Financial situation, assets and earnings
In the balance sheet, AHBR was deconsolidated. This reduced total assets of the BHW Group to € 40.7 billion as at 31 December 2005 (previous year: € 113.4 billion).
The annual financial statements, which were prepared in accordance with IAS/IFRS for the first time, reflect the accompanying negative impact of the AHBR divestment. Overall, operations could not compensate for the negative effects. As a result, the Group recorded net loss for the year of € 291.3 billion (previous year: net income of € 66.7 million). Net of the key AHBR factors as well as other non-recurring effects, pre-tax operating profit stood at € -28 million.
Profit contributions from the remaining BHW Group divisions after deconsolidation of AHBR varied in 2005. In Private Home Finance, profit before tax was down by € 26.4 million to € 185.9 million. This was caused by the marked reduction in sales of receivables and continued low interest rates.
In Private Asset Accumulation, previous investment in this division began to pay off. Profit before rose from € 26.9 million to € 37.4 million.
Net interest income declined by 13.1% to € 572.6 million, mainly due to the fact that interest rates remained low, which affected existing contracts and resulted in fewer Bauspar loans being allocated. This in turn generated lower investment income from the resulting surplus of deposits. Risk provisions increased from € 77.7 million to € 102.1 million. These include € 20.8 million resulting from the divestment of AHBR.
Net commission income improved considerably under IFRS accounting, with an increase to € 80.6 million (previous year: € 12.7 million). The Group reported financial income of € 17.0 million compared with € 27.2 million in the previous year. Administrative expenses saw a slight increase of 1.6% to € 492.6 million.

Effects of the integration and increased efficiency programme
During the integration, BHW will be restructured. The Hamelin base, as an important competence centre for loan processing, and the Bauspar division will be retained within the Postbank Group. The mobile sales teams from BHW and Postbank will be merged for optimal deployment of the combined sales channels.
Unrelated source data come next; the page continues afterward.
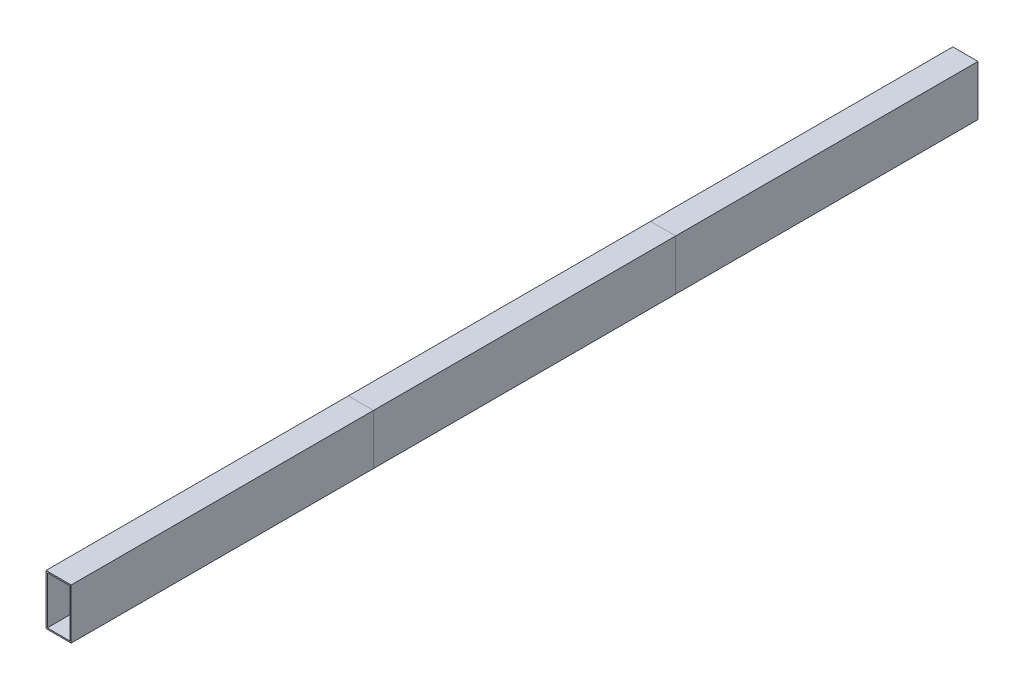
SolidWorks part; units mm, degrees
ref_plane "Спереди" through (0, 0, 0) normal (0, 0, 1) x (1, 0, 0)
ref_plane "Сверху" through (0, 0, 0) normal (0, 1, 0) x (1, 0, 0)
ref_plane "Справа" through (0, 0, 0) normal (1, 0, 0) x (0, 0, -1)
sketch "Эскиз1" plane through (0, 0, 0) normal (0, 0, 1) x (1, 0, 0)
  line L1 (-50, -100) -> (50, -100)
  line L2 (-50, -100) -> (-50, 100)
  line L3 (-50, 100) -> (50, 100)
  line L4 (50, -100) -> (50, 100)
  line L5 (-50, -100) -> (50, 100) construction
  line L6 (-50, 100) -> (50, -100) construction
  line L7 (-45, -95) -> (45, -95)
  line L8 (-45, -95) -> (-45, 95)
  line L9 (-45, 95) -> (45, 95)
  line L10 (45, -95) -> (45, 95)
  line L11 (-45, -95) -> (45, 95) construction
  line L12 (-45, 95) -> (45, -95) construction
  point P0 (0, 0)
  point P8 (0, 0)
  dimension "D1" = 100
  dimension "D2" = 200
  dimension "D3" = 90
  dimension "D4" = 190
extrude "Бобышка-Вытянуть1" add sketch "Эскиз1" along normal blind 1200
extrude "Бобышка-Вытянуть2" add sketch "Эскиз1<3>" along normal blind 1200 from surface separate body starting at face at (0, 0, 1200)
sketch "Эскиз1<3>" plane through (0, 0, 0) normal (0, 0, 1) x (1, 0, 0) same geometry as "Эскиз1"
extrude "Бобышка-Вытянуть3" add sketch "Эскиз1<4>" along normal blind 1200 from surface separate body starting at face at (0, 0, 2400)
sketch "Эскиз1<4>" plane through (0, 0, 0) normal (0, 0, 1) x (1, 0, 0) same geometry as "Эскиз1"
ref_point "Точка1"
ref_point "Точка2"

As part of the programme to increase efficiency and the combining of functions, options for the Group as a whole will be used to the benefit of employees. In principle, all Group locations will be open to all employees. This provides opportunities for qualified employees, particularly those from Hamelin, who are affected by the changes. It is the intention that in future, the organisation will consist of a real mixture of employees from all the components of the Group. This is happening to a certain extent already.

Prospects for growth as a Postbank Group company
Following an integration and restructuring phase, Engmann aims to achieve a return to its former earnings power for BHW, now as part of the Postbank Group. Engmann explained: "Our powerful sales organisation and outstanding product portfolio will come into their own given the customer base, which now comprises 14.5 million individuals." The significant level of existing charges will gradually reduce over the coming years, once again proving the sustained profitability of our business model. Many Germans believe that owning their home is the ideal retirement provision, which means that BHW should benefit more than other companies from future growth in private provisioning. Henning R. Engmann highlighted, "I am very confident that within just a few years, BHW will be making a significant contribution towards Postbank Group profits. This will be our benchmark. This will reflect the high level of commitment already shown by BHW employees and managers to ensure the contribution of BHW's core competences in the Group as a whole by implementing the planned short and medium-term measures to increase efficiency."
Postbank announced its intention to take over the remaining shares in BHW Holding AG as part of a squeeze-out. As a result, BHW's Annual General Meeting, which was scheduled for 1 June 2006, will be postponed by several weeks.